» **TASK TO COMPLETE**
From the entries below, please output exactly the lines starting at the one containing "#3759 = CARTESIAN_POINT" and ending at the one containing "#6301 = CARTESIAN_POINT", both included.

Source data
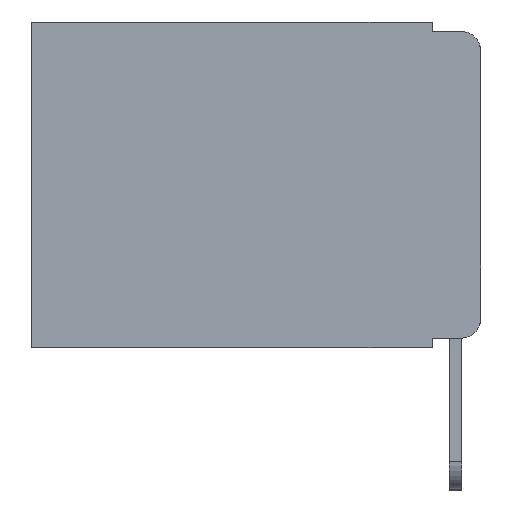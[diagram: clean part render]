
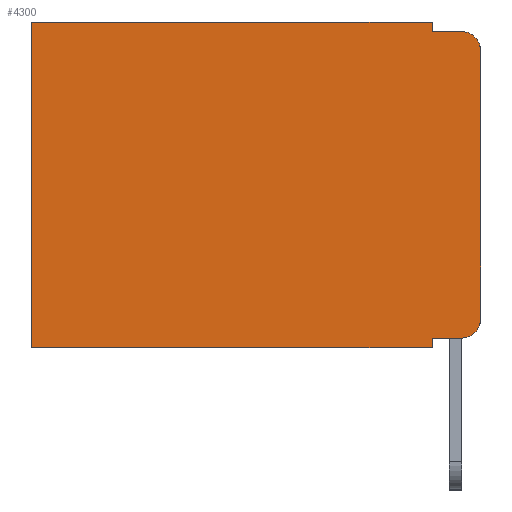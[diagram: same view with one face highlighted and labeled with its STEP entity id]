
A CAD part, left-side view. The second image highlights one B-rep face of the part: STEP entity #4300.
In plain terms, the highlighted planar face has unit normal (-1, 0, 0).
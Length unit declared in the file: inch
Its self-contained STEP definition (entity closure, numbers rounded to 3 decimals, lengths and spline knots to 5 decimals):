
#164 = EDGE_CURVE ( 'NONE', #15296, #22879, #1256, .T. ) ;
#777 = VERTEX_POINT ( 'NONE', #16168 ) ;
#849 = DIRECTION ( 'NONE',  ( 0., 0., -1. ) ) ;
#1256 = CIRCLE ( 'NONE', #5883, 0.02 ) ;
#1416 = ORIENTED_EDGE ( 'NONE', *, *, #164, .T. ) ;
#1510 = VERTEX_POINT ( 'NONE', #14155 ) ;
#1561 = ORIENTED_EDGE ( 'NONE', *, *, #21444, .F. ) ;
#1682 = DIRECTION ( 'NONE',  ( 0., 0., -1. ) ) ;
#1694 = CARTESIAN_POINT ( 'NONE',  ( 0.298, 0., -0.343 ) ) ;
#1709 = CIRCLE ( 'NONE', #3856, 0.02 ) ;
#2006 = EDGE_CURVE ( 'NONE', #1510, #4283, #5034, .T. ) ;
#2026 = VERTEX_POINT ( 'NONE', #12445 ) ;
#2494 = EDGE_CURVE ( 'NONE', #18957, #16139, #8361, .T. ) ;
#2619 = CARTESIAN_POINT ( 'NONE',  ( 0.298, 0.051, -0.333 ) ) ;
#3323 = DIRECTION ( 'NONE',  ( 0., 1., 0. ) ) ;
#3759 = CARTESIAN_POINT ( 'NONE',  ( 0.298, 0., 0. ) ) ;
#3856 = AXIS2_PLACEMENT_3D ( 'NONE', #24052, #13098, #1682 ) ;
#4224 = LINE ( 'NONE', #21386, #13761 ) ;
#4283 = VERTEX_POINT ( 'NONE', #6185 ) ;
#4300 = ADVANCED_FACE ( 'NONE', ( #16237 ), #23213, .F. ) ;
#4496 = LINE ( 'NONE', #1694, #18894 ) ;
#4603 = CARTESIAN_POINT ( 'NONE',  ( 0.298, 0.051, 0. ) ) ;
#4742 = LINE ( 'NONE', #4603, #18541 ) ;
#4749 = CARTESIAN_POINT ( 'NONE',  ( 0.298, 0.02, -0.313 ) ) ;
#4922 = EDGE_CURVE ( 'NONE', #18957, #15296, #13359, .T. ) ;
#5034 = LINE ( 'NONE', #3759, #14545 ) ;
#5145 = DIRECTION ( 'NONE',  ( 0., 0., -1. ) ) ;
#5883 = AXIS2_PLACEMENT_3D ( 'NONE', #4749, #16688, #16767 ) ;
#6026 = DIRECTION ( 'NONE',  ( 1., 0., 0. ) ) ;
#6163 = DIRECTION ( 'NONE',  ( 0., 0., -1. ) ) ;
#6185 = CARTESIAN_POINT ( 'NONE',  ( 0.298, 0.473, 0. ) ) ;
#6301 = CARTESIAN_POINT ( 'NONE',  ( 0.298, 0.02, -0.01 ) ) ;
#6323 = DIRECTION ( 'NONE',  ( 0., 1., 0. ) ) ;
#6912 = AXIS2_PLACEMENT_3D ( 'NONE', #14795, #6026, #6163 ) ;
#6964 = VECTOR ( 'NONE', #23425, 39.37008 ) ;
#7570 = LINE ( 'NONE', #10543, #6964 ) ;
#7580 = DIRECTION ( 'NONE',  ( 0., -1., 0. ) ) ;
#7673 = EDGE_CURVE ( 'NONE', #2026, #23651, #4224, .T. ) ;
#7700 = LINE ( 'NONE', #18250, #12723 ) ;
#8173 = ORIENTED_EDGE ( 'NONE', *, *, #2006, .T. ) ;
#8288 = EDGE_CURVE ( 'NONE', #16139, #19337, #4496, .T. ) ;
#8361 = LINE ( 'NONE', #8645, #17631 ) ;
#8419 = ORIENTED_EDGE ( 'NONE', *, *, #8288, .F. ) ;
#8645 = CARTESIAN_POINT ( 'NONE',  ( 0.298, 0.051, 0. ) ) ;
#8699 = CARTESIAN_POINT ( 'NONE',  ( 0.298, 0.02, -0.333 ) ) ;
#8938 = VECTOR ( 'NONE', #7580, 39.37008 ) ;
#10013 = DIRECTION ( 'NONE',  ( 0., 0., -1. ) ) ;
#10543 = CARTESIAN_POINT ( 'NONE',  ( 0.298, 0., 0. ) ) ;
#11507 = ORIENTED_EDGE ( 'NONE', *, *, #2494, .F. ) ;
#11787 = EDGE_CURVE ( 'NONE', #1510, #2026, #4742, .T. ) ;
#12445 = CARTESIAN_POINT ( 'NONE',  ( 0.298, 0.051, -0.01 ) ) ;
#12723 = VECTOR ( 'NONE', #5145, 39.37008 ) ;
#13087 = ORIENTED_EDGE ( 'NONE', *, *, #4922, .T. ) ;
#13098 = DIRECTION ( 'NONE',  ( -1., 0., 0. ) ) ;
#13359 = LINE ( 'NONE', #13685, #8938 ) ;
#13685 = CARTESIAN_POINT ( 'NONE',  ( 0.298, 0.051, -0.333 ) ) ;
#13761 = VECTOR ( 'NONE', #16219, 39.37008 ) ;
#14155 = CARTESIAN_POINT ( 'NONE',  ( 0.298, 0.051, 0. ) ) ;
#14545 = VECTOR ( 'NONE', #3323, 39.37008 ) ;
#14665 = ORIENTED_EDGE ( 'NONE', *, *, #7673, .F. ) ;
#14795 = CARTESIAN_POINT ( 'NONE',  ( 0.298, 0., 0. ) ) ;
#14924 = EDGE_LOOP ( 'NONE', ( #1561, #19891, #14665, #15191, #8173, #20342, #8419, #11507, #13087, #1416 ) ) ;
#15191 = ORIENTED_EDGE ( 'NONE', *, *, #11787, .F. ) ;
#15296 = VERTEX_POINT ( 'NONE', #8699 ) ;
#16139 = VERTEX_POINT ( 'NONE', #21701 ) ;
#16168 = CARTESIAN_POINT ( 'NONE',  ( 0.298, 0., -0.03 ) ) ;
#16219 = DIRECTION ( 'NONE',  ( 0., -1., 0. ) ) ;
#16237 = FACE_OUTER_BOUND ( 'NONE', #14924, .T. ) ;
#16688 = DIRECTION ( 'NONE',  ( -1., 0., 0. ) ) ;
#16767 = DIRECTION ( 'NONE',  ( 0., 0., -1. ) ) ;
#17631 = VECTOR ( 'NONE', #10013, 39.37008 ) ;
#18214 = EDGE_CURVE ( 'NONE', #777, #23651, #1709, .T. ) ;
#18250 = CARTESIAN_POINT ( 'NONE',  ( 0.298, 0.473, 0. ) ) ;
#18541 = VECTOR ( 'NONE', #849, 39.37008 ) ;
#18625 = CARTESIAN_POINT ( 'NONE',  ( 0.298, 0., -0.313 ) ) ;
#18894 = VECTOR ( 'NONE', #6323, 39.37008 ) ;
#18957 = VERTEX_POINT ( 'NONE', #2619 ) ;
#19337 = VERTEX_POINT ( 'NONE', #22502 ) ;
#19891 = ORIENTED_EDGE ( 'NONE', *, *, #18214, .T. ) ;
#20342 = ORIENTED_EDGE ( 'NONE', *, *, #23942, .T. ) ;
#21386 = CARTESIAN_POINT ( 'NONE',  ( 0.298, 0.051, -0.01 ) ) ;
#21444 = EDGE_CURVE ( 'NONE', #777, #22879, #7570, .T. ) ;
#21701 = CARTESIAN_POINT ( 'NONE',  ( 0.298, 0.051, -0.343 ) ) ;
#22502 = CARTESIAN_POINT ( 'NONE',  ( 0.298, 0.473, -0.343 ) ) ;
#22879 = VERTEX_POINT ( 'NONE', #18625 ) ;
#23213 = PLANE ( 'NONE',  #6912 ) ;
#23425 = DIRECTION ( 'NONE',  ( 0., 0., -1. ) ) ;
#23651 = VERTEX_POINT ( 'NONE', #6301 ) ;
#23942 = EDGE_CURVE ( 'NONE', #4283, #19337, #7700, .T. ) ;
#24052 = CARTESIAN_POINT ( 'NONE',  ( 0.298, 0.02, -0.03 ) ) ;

» **ANSWER TO THE EXERCISE**
#3759 = CARTESIAN_POINT ( 'NONE',  ( 0.298, 0., 0. ) ) ;
#3856 = AXIS2_PLACEMENT_3D ( 'NONE', #24052, #13098, #1682 ) ;
#4224 = LINE ( 'NONE', #21386, #13761 ) ;
#4283 = VERTEX_POINT ( 'NONE', #6185 ) ;
#4300 = ADVANCED_FACE ( 'NONE', ( #16237 ), #23213, .F. ) ;
#4496 = LINE ( 'NONE', #1694, #18894 ) ;
#4603 = CARTESIAN_POINT ( 'NONE',  ( 0.298, 0.051, 0. ) ) ;
#4742 = LINE ( 'NONE', #4603, #18541 ) ;
#4749 = CARTESIAN_POINT ( 'NONE',  ( 0.298, 0.02, -0.313 ) ) ;
#4922 = EDGE_CURVE ( 'NONE', #18957, #15296, #13359, .T. ) ;
#5034 = LINE ( 'NONE', #3759, #14545 ) ;
#5145 = DIRECTION ( 'NONE',  ( 0., 0., -1. ) ) ;
#5883 = AXIS2_PLACEMENT_3D ( 'NONE', #4749, #16688, #16767 ) ;
#6026 = DIRECTION ( 'NONE',  ( 1., 0., 0. ) ) ;
#6163 = DIRECTION ( 'NONE',  ( 0., 0., -1. ) ) ;
#6185 = CARTESIAN_POINT ( 'NONE',  ( 0.298, 0.473, 0. ) ) ;
#6301 = CARTESIAN_POINT ( 'NONE',  ( 0.298, 0.02, -0.01 ) ) ;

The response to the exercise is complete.